Bigger context, worse agents
I've been experimenting with feeding agents larger volumes of context. The pattern is steady: the bigger I make it, the worse it looks. Meanwhile, the rest of the field is racing the other way.
I've been experimenting with larger volumes of context — bigger memory stores, more documents, broader graphs, more sources stitched into a single agent's working memory. The bet was the usual one: more context, better answers.
What I'm finding is the opposite. The bigger I make it, the worse it looks.
Not always, and not catastrophically. But the pattern is steady enough that I've stopped ignoring it. Agents pulling from larger context surfaces miss things that smaller, focused setups catch. They mix up which constraints belong to which step. They draw confident connections between things that happen to sit close in the graph but don't actually relate. They give more authoritative-sounding answers, and more wrong ones.
Meanwhile, the rest of the field is moving the other way. Companies are commissioning enterprise context graphs that try to encode every entity, relationship, and interaction in the business. Vendors are pitching "complete context" platforms as the foundation everyone needs. The whole industry is racing toward bigger.
Most of them are likely about to discover what I keep discovering: at scale, context becomes a liability, not an asset.

What context rot actually feels like
I've written about context rot before at the individual-session level — the way conversations degrade as the window fills, the way models forget the early constraints when the back-half of the window gets noisy. That was already a real effect at twenty-message conversations. It compounds badly when the underlying context source is also large.
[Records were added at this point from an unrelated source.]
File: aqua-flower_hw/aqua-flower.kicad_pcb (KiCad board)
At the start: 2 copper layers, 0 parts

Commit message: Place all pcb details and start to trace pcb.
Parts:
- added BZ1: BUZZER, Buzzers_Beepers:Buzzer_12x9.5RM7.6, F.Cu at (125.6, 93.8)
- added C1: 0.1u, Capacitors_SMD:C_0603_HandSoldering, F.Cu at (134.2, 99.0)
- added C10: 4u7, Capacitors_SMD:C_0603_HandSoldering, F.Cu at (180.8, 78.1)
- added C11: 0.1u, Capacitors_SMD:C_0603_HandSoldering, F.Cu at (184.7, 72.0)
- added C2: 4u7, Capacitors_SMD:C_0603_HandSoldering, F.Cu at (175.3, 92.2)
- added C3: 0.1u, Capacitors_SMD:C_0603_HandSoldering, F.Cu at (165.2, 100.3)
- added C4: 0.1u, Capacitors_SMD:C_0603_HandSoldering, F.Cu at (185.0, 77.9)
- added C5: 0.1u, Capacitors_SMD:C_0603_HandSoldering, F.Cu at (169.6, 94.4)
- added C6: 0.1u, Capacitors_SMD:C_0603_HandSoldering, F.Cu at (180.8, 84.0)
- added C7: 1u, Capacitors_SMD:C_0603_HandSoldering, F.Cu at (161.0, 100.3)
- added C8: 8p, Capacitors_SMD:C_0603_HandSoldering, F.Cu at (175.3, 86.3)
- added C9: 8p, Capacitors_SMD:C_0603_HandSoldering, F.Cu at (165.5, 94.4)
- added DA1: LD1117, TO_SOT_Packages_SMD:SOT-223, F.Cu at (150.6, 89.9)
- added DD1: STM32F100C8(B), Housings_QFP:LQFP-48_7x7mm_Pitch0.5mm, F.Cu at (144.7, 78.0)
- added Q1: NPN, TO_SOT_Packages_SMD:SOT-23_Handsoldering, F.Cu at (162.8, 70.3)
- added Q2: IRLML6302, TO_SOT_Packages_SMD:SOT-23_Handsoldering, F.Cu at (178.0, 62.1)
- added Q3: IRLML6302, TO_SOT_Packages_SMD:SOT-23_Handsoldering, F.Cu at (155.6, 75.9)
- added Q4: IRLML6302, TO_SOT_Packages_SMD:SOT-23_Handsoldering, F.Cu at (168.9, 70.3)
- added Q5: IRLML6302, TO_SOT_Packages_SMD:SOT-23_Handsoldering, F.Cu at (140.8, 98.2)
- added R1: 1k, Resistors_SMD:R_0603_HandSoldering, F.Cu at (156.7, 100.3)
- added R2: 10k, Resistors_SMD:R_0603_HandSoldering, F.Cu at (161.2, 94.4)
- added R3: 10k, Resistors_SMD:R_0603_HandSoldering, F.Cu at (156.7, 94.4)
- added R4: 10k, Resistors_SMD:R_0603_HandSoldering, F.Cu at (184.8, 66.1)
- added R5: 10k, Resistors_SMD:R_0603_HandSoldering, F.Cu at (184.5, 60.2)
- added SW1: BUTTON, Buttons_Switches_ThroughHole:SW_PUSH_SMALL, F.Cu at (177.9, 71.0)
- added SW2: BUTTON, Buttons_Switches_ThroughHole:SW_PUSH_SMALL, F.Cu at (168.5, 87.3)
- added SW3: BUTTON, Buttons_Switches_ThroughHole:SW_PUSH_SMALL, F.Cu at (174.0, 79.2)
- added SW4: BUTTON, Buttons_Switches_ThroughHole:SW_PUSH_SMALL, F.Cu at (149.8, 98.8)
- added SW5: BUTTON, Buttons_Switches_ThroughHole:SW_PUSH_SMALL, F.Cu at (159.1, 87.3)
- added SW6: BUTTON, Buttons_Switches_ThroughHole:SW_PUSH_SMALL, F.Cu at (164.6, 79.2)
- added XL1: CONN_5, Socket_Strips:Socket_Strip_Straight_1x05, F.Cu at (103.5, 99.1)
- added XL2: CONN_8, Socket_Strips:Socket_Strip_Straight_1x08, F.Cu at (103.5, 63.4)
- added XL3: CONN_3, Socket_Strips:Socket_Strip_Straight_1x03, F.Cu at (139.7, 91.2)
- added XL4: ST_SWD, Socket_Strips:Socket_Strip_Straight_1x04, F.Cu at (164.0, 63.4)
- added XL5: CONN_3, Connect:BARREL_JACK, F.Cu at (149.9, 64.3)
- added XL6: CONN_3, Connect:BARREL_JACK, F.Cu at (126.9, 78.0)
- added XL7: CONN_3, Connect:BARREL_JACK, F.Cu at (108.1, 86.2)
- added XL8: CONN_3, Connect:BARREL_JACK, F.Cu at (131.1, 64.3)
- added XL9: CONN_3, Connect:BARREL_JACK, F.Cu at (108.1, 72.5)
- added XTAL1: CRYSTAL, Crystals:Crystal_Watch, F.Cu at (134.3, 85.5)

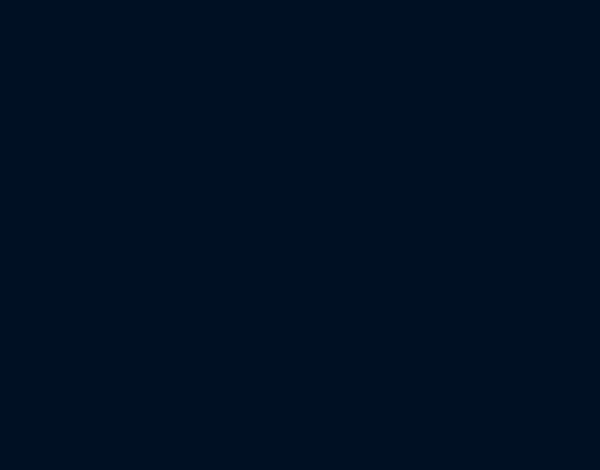
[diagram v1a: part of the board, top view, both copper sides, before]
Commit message: Reset Library Component
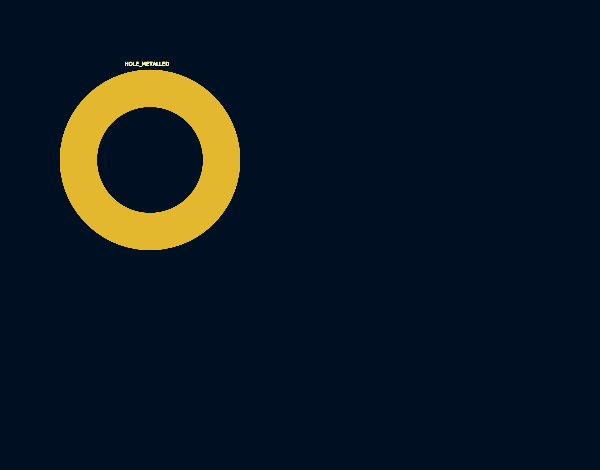
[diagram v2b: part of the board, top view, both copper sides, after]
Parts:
- added HOLE1, HOLE2, HOLE3, HOLE4: HOLE_METALLED, PCB:Hole3_5_out6mm, F.Cu at (0.00, 0.00)
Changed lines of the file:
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@@
 (kicad_pcb (version 4) (host pcbnew 4.0.2-stable)
   (general
-    (links 110)
-    (no_connects 110)
+    (links 114)
+    (no_connects 111)
     (area 0 0 0 0)
     (thickness 1.5)
@@
     (tracks 0)
     (zones 0)
-    (modules 40)
+    (modules 44)
     (nets 53)
   )
@@
       (net 52 "Net-(XL9-Pad3)"))
   )
+  (module PCB:Hole3_5_out6mm (layer F.Cu)
+    (at 0 0)
+    (fp_text reference HOLE1 (at 0 3.2004) (layer F.SilkS) hide
+      (effects (font (size 0.127 0.127) (thickness 0.00254)))
+    )
+    (fp_text value HOLE_METALLED (at -0.09906 -3.2004) (layer F.SilkS)
+      (effects (font (size 0.127 0.127) (thickness 0.00254)))
+    )
+    (pad H thru_hole circle (at 0 0) (size 6 6) (drill 3.5) (layers *.Cu *.Mask F.SilkS)
+      (net 2 GND))
+  )
+  (module PCB:Hole3_5_out6mm (layer F.Cu)
+    (at 0 0)
+    (fp_text reference HOLE2 (at 0 3.2004) (layer F.SilkS) hide
+      (effects (font (size 0.127 0.127) (thickness 0.00254)))
+    )
+    (fp_text value HOLE_METALLED (at -0.09906 -3.2004) (layer F.SilkS)
+      (effects (font (size 0.127 0.127) (thickness 0.00254)))
+    )
+    (pad H thru_hole circle (at 0 0) (size 6 6) (drill 3.5) (layers *.Cu *.Mask F.SilkS)
+      (net 2 GND))
+  )
+  (module PCB:Hole3_5_out6mm (layer F.Cu)
+    (at 0 0)
+    (fp_text reference HOLE3 (at 0 3.2004) (layer F.SilkS) hide
+      (effects (font (size 0.127 0.127) (thickness 0.00254)))
+    )
+    (fp_text value HOLE_METALLED (at -0.09906 -3.2004) (layer F.SilkS)
+      (effects (font (size 0.127 0.127) (thickness 0.00254)))
+    )
+    (pad H thru_hole circle (at 0 0) (size 6 6) (drill 3.5) (layers *.Cu *.Mask F.SilkS)
+      (net 2 GND))
+  )
+  (module PCB:Hole3_5_out6mm (layer F.Cu)
+    (at 0 0)
+    (fp_text reference HOLE4 (at 0 3.2004) (layer F.SilkS) hide
+      (effects (font (size 0.127 0.127) (thickness 0.00254)))
+    )
+    (fp_text value HOLE_METALLED (at -0.09906 -3.2004) (layer F.SilkS)
+      (effects (font (size 0.127 0.127) (thickness 0.00254)))
+    )
+    (pad H thru_hole circle (at 0 0) (size 6 6) (drill 3.5) (layers *.Cu *.Mask F.SilkS)
+      (net 2 GND))
+  )
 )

The mechanics aren't mysterious. The window may be a million tokens. The model's effective attention isn't. Once you cross a certain density of partially-relevant information, every additional piece dilutes the signal of what actually matters for the current step. The graph that was supposed to give the agent richer reasoning surfaces ends up giving it more ways to be wrong.
The "lost in the middle" papers were the early evidence of this. What I'm watching now is the production version: large retrieval surfaces, large graphs, large memory stores, all producing the same failure mode at a different scale. The agent doesn't refuse to find the right thing. It confidently picks up the wrong-but-adjacent thing and proceeds.
To be fair, the strongest version of the opposing case isn't "stuff everything into the window." It's structured retrieval over a large store, returning targeted subgraphs to the agent. That's a real architecture, and a more interesting one. But it relocates the problem rather than solving it. The variable becomes retrieval quality, and most production retrievers over large heterogeneous stores are bad at exactly the kind of cross-domain queries the graph was supposed to enable in the first place. The graph doesn't fix the retrieval problem. It moves it.
Why the field keeps going wider
The instinct to go bigger is rational on paper. If your agent doesn't have the answer, give it more places to look. If it gets one query wrong, encode more relationships so it gets the next one right. Every individual addition feels like progress.
The trap is that progress on the demo isn't progress on the workflow. A wider context surface looks impressive in a single-query setup where you can pre-curate the question to fit what the graph happens to be good at. It looks much worse over a real day of work, where queries are messy and the agent has to traverse parts of the graph no one pre-curated for.
There's also a procurement gravity to it. "Complete enterprise context" is easier to put on a slide than "deliberately scoped context for specific workflows." One sounds like vision, the other like accounting. The slide wins the meeting, even though the accounting is what actually makes the system work.
Custodians, not collectors
The shift I keep coming back to — and the one I think the field is about to be forced into — is from collecting context to curating it. From volume to relevance. From substrate to scaffolding.
I framed this as custodianship of context in an earlier post, but I was thinking about it mostly as an organizational role. The more I work with larger graphs, the more I think custodianship is also the daily craft. Not a job title, but a posture: actively deciding what context an agent gets, in what order, at what scope, for what step. Pruning aggressively. Treating every additional source as a cost, not a gift.
The agents I trust most right now aren't the ones with the biggest memory. They're the ones with the most disciplined memory — small, scoped, current, owned by someone who knows what's in there and why. The ones with sprawling context surfaces are louder, more impressive in a demo, and quietly less reliable when it matters.
Where this lands
If I'm reading the pattern correctly, the competitive advantage in agentic AI doesn't go to whoever builds the biggest graph. It goes to whoever gets best at deciding what to leave out.
That's an uncomfortable answer for the part of the industry currently betting on completeness as a moat. The bet assumes that more context will eventually translate into better behavior once retrieval and reasoning catch up. My experience so far is the reverse: the gap between window capacity and useful attention isn't closing as fast as the window sizes would suggest. Models are getting better at sounding coherent across more text without necessarily integrating it.
The custodian's job isn't to feed the agent everything it might plausibly need. It's to feed it the smallest set of things that lets it do the next step well — and to keep doing that, deliberately, as the work evolves.
That's not a sexy pitch deck. It's what's been working.